Exercise requirements
Once the line containing "#74=DIRECTION('',(-1.,0.,0.));" is found in the entries below, restate it and each following line word for word, stopping after the line containing "#95=VERTEX_POINT('',#94);".

Records from a dataset:

== == ==

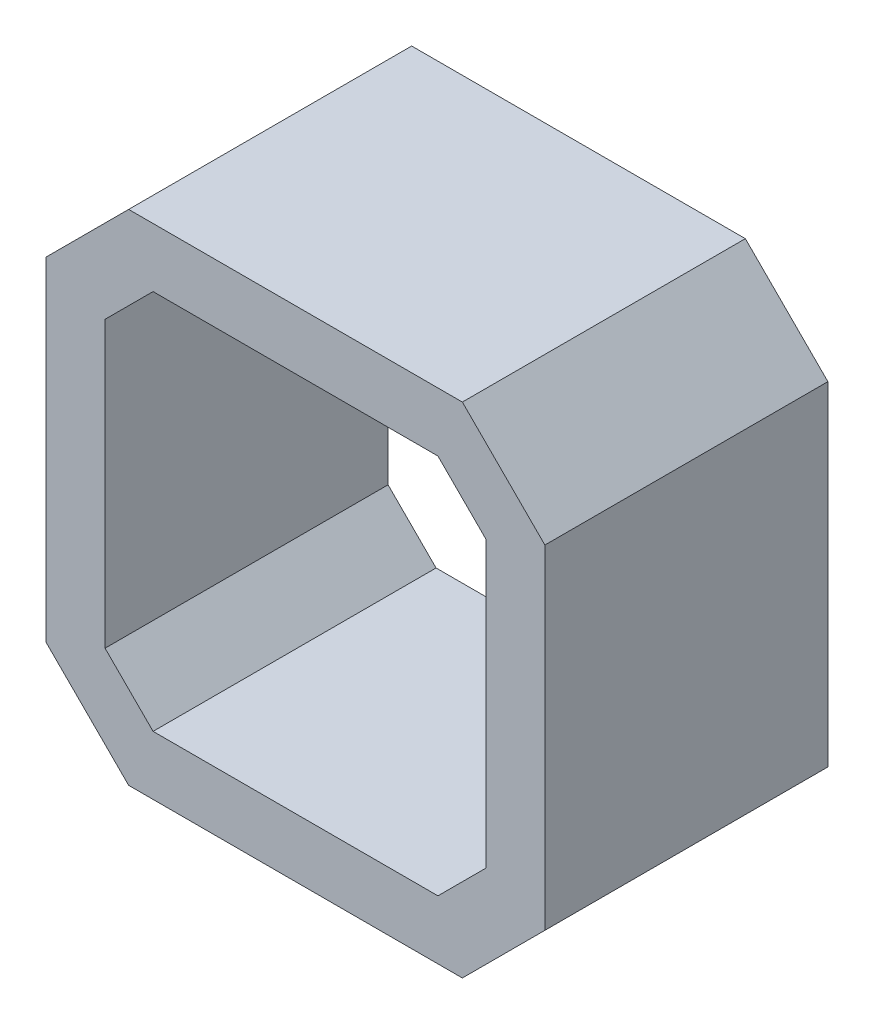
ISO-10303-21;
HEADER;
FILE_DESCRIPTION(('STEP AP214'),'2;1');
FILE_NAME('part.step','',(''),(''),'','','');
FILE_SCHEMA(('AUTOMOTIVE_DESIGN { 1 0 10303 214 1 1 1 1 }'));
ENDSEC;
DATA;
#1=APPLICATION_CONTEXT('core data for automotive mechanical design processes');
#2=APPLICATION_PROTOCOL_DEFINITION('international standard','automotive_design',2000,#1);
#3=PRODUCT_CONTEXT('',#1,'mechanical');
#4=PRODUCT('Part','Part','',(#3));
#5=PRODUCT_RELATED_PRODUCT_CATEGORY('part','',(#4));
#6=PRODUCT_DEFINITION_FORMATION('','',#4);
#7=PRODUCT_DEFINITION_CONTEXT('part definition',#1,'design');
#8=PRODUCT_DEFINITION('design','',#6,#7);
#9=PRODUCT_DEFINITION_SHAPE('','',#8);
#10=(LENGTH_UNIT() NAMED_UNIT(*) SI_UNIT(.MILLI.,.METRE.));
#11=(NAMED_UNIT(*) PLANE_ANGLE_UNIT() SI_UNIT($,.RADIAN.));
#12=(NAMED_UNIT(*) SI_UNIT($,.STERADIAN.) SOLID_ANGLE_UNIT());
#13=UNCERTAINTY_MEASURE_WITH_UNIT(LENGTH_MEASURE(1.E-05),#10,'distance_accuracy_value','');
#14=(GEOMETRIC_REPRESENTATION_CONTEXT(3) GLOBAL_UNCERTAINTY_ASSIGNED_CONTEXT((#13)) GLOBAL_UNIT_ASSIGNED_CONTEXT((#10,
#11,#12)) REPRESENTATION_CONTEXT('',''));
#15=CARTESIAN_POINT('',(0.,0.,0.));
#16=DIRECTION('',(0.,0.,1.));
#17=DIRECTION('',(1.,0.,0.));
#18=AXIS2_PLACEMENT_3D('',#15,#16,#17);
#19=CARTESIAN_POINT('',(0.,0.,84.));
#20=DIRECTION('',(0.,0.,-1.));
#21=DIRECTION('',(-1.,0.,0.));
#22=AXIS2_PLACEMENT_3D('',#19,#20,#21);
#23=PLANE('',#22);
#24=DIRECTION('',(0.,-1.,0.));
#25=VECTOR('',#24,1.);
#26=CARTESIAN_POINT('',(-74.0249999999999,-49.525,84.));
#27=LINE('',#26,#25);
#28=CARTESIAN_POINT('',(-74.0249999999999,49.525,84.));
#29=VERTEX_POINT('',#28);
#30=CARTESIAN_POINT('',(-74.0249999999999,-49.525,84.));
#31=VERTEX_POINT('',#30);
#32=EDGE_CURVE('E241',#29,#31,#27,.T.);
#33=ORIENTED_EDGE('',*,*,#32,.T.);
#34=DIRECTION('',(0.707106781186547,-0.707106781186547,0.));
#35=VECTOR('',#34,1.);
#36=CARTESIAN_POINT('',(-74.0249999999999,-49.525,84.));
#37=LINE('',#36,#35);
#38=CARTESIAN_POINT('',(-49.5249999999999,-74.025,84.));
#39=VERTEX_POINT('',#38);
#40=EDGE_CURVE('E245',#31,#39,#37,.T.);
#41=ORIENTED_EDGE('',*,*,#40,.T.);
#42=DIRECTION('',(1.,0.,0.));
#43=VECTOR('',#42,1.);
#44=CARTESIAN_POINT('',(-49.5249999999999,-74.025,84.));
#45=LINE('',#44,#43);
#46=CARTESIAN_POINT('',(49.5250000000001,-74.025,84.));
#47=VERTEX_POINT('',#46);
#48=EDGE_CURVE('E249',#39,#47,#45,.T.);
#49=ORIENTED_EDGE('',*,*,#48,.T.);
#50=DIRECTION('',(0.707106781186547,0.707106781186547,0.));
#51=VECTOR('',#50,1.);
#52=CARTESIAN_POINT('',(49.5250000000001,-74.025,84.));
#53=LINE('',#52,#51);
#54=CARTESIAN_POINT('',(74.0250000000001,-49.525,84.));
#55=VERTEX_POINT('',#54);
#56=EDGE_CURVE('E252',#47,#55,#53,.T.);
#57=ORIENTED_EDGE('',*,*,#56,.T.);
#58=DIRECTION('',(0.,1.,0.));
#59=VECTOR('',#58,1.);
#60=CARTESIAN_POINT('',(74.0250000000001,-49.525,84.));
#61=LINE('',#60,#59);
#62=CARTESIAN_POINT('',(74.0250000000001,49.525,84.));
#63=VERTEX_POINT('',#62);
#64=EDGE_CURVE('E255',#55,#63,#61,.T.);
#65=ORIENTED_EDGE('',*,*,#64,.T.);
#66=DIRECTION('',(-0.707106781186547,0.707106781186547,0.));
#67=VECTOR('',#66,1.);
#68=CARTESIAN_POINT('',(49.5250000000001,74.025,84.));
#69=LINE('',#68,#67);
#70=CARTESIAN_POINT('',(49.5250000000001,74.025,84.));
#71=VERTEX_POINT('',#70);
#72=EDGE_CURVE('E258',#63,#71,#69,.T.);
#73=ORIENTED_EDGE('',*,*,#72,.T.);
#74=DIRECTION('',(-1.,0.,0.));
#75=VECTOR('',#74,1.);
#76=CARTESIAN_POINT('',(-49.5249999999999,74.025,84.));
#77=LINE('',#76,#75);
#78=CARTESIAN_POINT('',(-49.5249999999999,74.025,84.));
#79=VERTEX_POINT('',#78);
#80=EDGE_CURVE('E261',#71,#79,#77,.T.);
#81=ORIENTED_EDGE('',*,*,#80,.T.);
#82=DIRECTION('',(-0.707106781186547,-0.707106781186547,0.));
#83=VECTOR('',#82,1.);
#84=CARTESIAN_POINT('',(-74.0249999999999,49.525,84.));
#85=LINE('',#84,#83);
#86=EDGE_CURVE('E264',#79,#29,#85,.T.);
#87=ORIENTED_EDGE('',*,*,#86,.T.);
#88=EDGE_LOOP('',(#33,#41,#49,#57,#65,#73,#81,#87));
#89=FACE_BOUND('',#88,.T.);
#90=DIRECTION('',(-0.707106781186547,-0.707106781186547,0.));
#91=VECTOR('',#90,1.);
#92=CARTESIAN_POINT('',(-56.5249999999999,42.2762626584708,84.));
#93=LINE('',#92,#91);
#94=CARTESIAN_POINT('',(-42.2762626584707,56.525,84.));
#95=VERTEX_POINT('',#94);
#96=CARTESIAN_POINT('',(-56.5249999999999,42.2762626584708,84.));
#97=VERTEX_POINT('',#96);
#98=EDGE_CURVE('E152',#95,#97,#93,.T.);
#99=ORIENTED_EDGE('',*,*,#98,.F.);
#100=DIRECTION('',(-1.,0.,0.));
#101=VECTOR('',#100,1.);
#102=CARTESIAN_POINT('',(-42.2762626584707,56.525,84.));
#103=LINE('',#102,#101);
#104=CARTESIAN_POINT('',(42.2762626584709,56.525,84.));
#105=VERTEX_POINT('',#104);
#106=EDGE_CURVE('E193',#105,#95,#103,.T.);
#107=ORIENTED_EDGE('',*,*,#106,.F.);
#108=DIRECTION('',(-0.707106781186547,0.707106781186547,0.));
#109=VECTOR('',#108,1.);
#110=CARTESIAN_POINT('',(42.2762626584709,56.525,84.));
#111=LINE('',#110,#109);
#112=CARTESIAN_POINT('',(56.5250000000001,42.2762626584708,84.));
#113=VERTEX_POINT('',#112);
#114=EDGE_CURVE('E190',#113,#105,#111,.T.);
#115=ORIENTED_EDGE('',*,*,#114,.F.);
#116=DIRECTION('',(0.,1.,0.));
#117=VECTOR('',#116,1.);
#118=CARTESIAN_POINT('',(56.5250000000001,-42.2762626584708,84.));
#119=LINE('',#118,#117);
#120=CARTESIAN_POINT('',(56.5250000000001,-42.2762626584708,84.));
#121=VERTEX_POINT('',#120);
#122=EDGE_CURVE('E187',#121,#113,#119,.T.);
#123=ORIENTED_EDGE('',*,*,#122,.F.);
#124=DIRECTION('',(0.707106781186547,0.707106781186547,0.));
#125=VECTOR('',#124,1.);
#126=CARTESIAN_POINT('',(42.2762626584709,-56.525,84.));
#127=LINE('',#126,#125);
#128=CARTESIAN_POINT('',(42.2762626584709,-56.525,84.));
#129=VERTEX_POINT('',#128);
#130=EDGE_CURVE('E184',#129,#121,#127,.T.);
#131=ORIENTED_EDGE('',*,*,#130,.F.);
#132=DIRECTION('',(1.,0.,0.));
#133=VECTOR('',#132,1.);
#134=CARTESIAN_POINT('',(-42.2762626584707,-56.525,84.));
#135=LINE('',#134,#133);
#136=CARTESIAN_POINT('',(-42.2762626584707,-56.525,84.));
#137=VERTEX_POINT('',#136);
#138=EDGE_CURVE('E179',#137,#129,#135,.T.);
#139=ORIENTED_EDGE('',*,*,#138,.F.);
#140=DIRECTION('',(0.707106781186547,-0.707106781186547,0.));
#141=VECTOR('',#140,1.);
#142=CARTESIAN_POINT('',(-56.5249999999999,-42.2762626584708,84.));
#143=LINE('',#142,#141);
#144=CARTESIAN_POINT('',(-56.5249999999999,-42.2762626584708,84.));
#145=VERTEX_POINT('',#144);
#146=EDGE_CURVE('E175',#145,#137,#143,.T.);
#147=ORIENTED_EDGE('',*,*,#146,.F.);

== == ==

Completed task
#74=DIRECTION('',(-1.,0.,0.));
#75=VECTOR('',#74,1.);
#76=CARTESIAN_POINT('',(-49.5249999999999,74.025,84.));
#77=LINE('',#76,#75);
#78=CARTESIAN_POINT('',(-49.5249999999999,74.025,84.));
#79=VERTEX_POINT('',#78);
#80=EDGE_CURVE('E261',#71,#79,#77,.T.);
#81=ORIENTED_EDGE('',*,*,#80,.T.);
#82=DIRECTION('',(-0.707106781186547,-0.707106781186547,0.));
#83=VECTOR('',#82,1.);
#84=CARTESIAN_POINT('',(-74.0249999999999,49.525,84.));
#85=LINE('',#84,#83);
#86=EDGE_CURVE('E264',#79,#29,#85,.T.);
#87=ORIENTED_EDGE('',*,*,#86,.T.);
#88=EDGE_LOOP('',(#33,#41,#49,#57,#65,#73,#81,#87));
#89=FACE_BOUND('',#88,.T.);
#90=DIRECTION('',(-0.707106781186547,-0.707106781186547,0.));
#91=VECTOR('',#90,1.);
#92=CARTESIAN_POINT('',(-56.5249999999999,42.2762626584708,84.));
#93=LINE('',#92,#91);
#94=CARTESIAN_POINT('',(-42.2762626584707,56.525,84.));
#95=VERTEX_POINT('',#94);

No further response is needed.